[Start of Attachment]
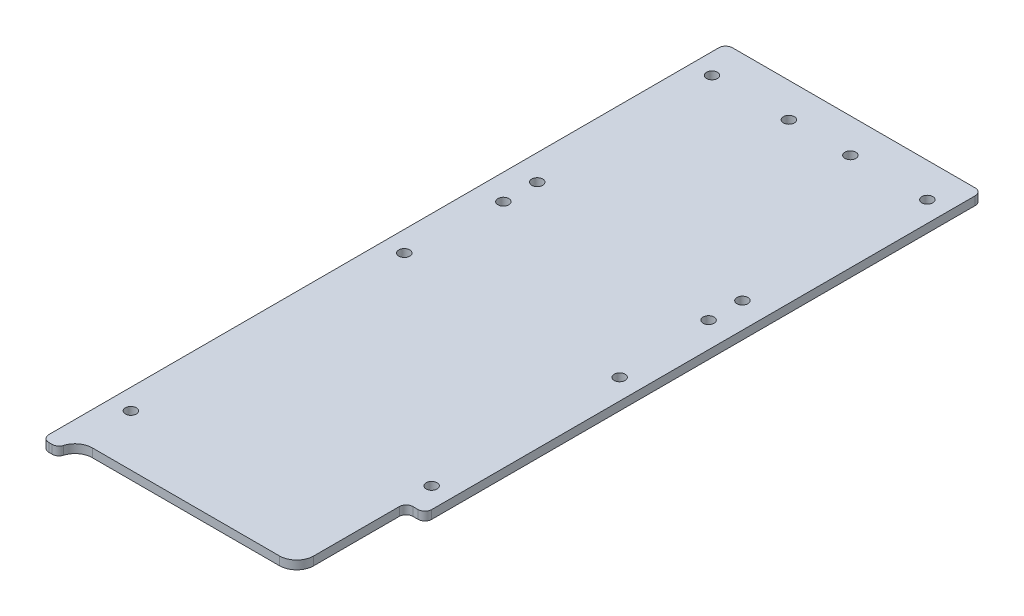
from build123d import *

# Parameters (mm, degrees)
SKETCH1_R           = 2.032
BOSS_EXTRUDE1_DEPTH = 3.175
FILLET1_R           = 2.54
FILLET2_R           = 2.54
FILLET3_R           = 6.35
CUT_EXTRUDE1_DEPTH  = 136.673215063
FILLET4_R           = 6.35
FILLET5_R           = 2.54
SKETCH3_R           = 2.032
CUT_EXTRUDE2_DEPTH  = 136.673215063


with BuildPart() as part:
    # Sketch1 → Boss-Extrude1 (new body)
    with BuildSketch(Plane(origin=(0, 0, 0), x_dir=(1, 0, 0), z_dir=(0, 1, 0))):
        Polygon((47.625, 127), (-47.625, 127), (-47.625, -127), (-41.275, -127), (-41.275, -120.65), (41.275, -120.65), (41.275, -127), (47.625, -127), align=None)
        with Locations((-39.999684148, -101.6)):
            Circle(SKETCH1_R, mode=Mode.SUBTRACT)
        with Locations((39.999684148, -69.85)):
            Circle(SKETCH1_R, mode=Mode.SUBTRACT)
        with Locations((-39.999684148, 0)):
            Circle(SKETCH1_R, mode=Mode.SUBTRACT)
        with Locations((-39.999684148, 114.3)):
            Circle(SKETCH1_R, mode=Mode.SUBTRACT)
        with Locations((-11.424684148, 114.3)):
            Circle(SKETCH1_R, mode=Mode.SUBTRACT)
        with Locations((39.999684148, 0)):
            Circle(SKETCH1_R, mode=Mode.SUBTRACT)
        with Locations((11.424684148, 114.3)):
            Circle(SKETCH1_R, mode=Mode.SUBTRACT)
        with Locations((39.999684148, 114.3)):
            Circle(SKETCH1_R, mode=Mode.SUBTRACT)
    extrude(amount=BOSS_EXTRUDE1_DEPTH)

    # Fillet1
    fillet1_edges = [part.edges().sort_by_distance(p)[0] for p in [
        (-47.625, 1.5875, -127),
        (47.625, 1.5875, -127),
        (47.625, 1.5875, 127),
        (-47.625, 1.5875, 127),
    ]]
    fillet(fillet1_edges, radius=FILLET1_R)

    # Fillet2
    fillet2_edges = [part.edges().sort_by_distance(p)[0] for p in [
        (41.275, 1.5875, 127),
        (-41.275, 1.5875, 127),
    ]]
    fillet(fillet2_edges, radius=FILLET2_R)

    # Fillet3
    fillet3_edges = [part.edges().sort_by_distance(p)[0] for p in [
        (41.275, 1.5875, 120.65),
        (-41.275, 1.5875, 120.65),
    ]]
    fillet(fillet3_edges, radius=FILLET3_R)

    # Sketch2 → Cut-Extrude1 (cut, through all)
    with BuildSketch(Plane.XZ):
        with BuildLine():
            Line((47.625, 131.883089137), (41.910626631, 131.883089137))
            Line((41.910626631, 131.883089137), (41.910626631, 126.140762349))
            ThreePointArc((41.910626631, 126.140762349), (41.593815686, 125.692047177), (41.380880287, 125.185714286))
            ThreePointArc((41.380880287, 125.185714286), (41.067446116, 124.352723447), (40.640626631, 123.571736991))
            Line((40.640626631, 123.571736991), (40.640626631, 79.981419179))
            Line((40.640626631, 79.981419179), (47.625, 79.981419179))
            Line((47.625, 79.981419179), (47.625, 131.883089137))
        make_face()
    extrude(amount=-CUT_EXTRUDE1_DEPTH, mode=Mode.SUBTRACT)

    # Fillet4
    fillet4_edges = [part.edges().sort_by_distance(p)[0] for p in [
        (40.640626631, 1.5875, 123.571736991),
    ]]
    fillet(fillet4_edges, radius=FILLET4_R)

    # Fillet5
    fillet5_edges = [part.edges().sort_by_distance(p)[0] for p in [
        (47.625, 1.5875, 79.981419179),
        (40.640626631, 1.5875, 79.981419179),
    ]]
    fillet(fillet5_edges, radius=FILLET5_R)

    # Sketch3 → Cut-Extrude2 (cut, through all)
    with BuildSketch(Plane.XZ):
        with Locations((-38.113296794, -34.913768806)):
            Circle(SKETCH3_R)
        with Locations((-38.113296794, -47.490173279)):
            Circle(SKETCH3_R)
        with Locations((38.113296794, -47.490173279)):
            Circle(SKETCH3_R)
        with Locations((38.113296794, -34.913768806)):
            Circle(SKETCH3_R)
    extrude(amount=-CUT_EXTRUDE2_DEPTH, mode=Mode.SUBTRACT)


solid = part.part
[End of Attachment]
Please retype the records above exactly, excluding every picture.

from build123d import *

# Parameters (mm, degrees)
SKETCH1_R           = 2.032
BOSS_EXTRUDE1_DEPTH = 3.175
FILLET1_R           = 2.54
FILLET2_R           = 2.54
FILLET3_R           = 6.35
CUT_EXTRUDE1_DEPTH  = 136.673215063
FILLET4_R           = 6.35
FILLET5_R           = 2.54
SKETCH3_R           = 2.032
CUT_EXTRUDE2_DEPTH  = 136.673215063


with BuildPart() as part:
    # Sketch1 → Boss-Extrude1 (new body)
    with BuildSketch(Plane(origin=(0, 0, 0), x_dir=(1, 0, 0), z_dir=(0, 1, 0))):
        Polygon((47.625, 127), (-47.625, 127), (-47.625, -127), (-41.275, -127), (-41.275, -120.65), (41.275, -120.65), (41.275, -127), (47.625, -127), align=None)
        with Locations((-39.999684148, -101.6)):
            Circle(SKETCH1_R, mode=Mode.SUBTRACT)
        with Locations((39.999684148, -69.85)):
            Circle(SKETCH1_R, mode=Mode.SUBTRACT)
        with Locations((-39.999684148, 0)):
            Circle(SKETCH1_R, mode=Mode.SUBTRACT)
        with Locations((-39.999684148, 114.3)):
            Circle(SKETCH1_R, mode=Mode.SUBTRACT)
        with Locations((-11.424684148, 114.3)):
            Circle(SKETCH1_R, mode=Mode.SUBTRACT)
        with Locations((39.999684148, 0)):
            Circle(SKETCH1_R, mode=Mode.SUBTRACT)
        with Locations((11.424684148, 114.3)):
            Circle(SKETCH1_R, mode=Mode.SUBTRACT)
        with Locations((39.999684148, 114.3)):
            Circle(SKETCH1_R, mode=Mode.SUBTRACT)
    extrude(amount=BOSS_EXTRUDE1_DEPTH)

    # Fillet1
    fillet1_edges = [part.edges().sort_by_distance(p)[0] for p in [
        (-47.625, 1.5875, -127),
        (47.625, 1.5875, -127),
        (47.625, 1.5875, 127),
        (-47.625, 1.5875, 127),
    ]]
    fillet(fillet1_edges, radius=FILLET1_R)

    # Fillet2
    fillet2_edges = [part.edges().sort_by_distance(p)[0] for p in [
        (41.275, 1.5875, 127),
        (-41.275, 1.5875, 127),
    ]]
    fillet(fillet2_edges, radius=FILLET2_R)

    # Fillet3
    fillet3_edges = [part.edges().sort_by_distance(p)[0] for p in [
        (41.275, 1.5875, 120.65),
        (-41.275, 1.5875, 120.65),
    ]]
    fillet(fillet3_edges, radius=FILLET3_R)

    # Sketch2 → Cut-Extrude1 (cut, through all)
    with BuildSketch(Plane.XZ):
        with BuildLine():
            Line((47.625, 131.883089137), (41.910626631, 131.883089137))
            Line((41.910626631, 131.883089137), (41.910626631, 126.140762349))
            ThreePointArc((41.910626631, 126.140762349), (41.593815686, 125.692047177), (41.380880287, 125.185714286))
            ThreePointArc((41.380880287, 125.185714286), (41.067446116, 124.352723447), (40.640626631, 123.571736991))
            Line((40.640626631, 123.571736991), (40.640626631, 79.981419179))
            Line((40.640626631, 79.981419179), (47.625, 79.981419179))
            Line((47.625, 79.981419179), (47.625, 131.883089137))
        make_face()
    extrude(amount=-CUT_EXTRUDE1_DEPTH, mode=Mode.SUBTRACT)

    # Fillet4
    fillet4_edges = [part.edges().sort_by_distance(p)[0] for p in [
        (40.640626631, 1.5875, 123.571736991),
    ]]
    fillet(fillet4_edges, radius=FILLET4_R)

    # Fillet5
    fillet5_edges = [part.edges().sort_by_distance(p)[0] for p in [
        (47.625, 1.5875, 79.981419179),
        (40.640626631, 1.5875, 79.981419179),
    ]]
    fillet(fillet5_edges, radius=FILLET5_R)

    # Sketch3 → Cut-Extrude2 (cut, through all)
    with BuildSketch(Plane.XZ):
        with Locations((-38.113296794, -34.913768806)):
            Circle(SKETCH3_R)
        with Locations((-38.113296794, -47.490173279)):
            Circle(SKETCH3_R)
        with Locations((38.113296794, -47.490173279)):
            Circle(SKETCH3_R)
        with Locations((38.113296794, -34.913768806)):
            Circle(SKETCH3_R)
    extrude(amount=-CUT_EXTRUDE2_DEPTH, mode=Mode.SUBTRACT)


solid = part.part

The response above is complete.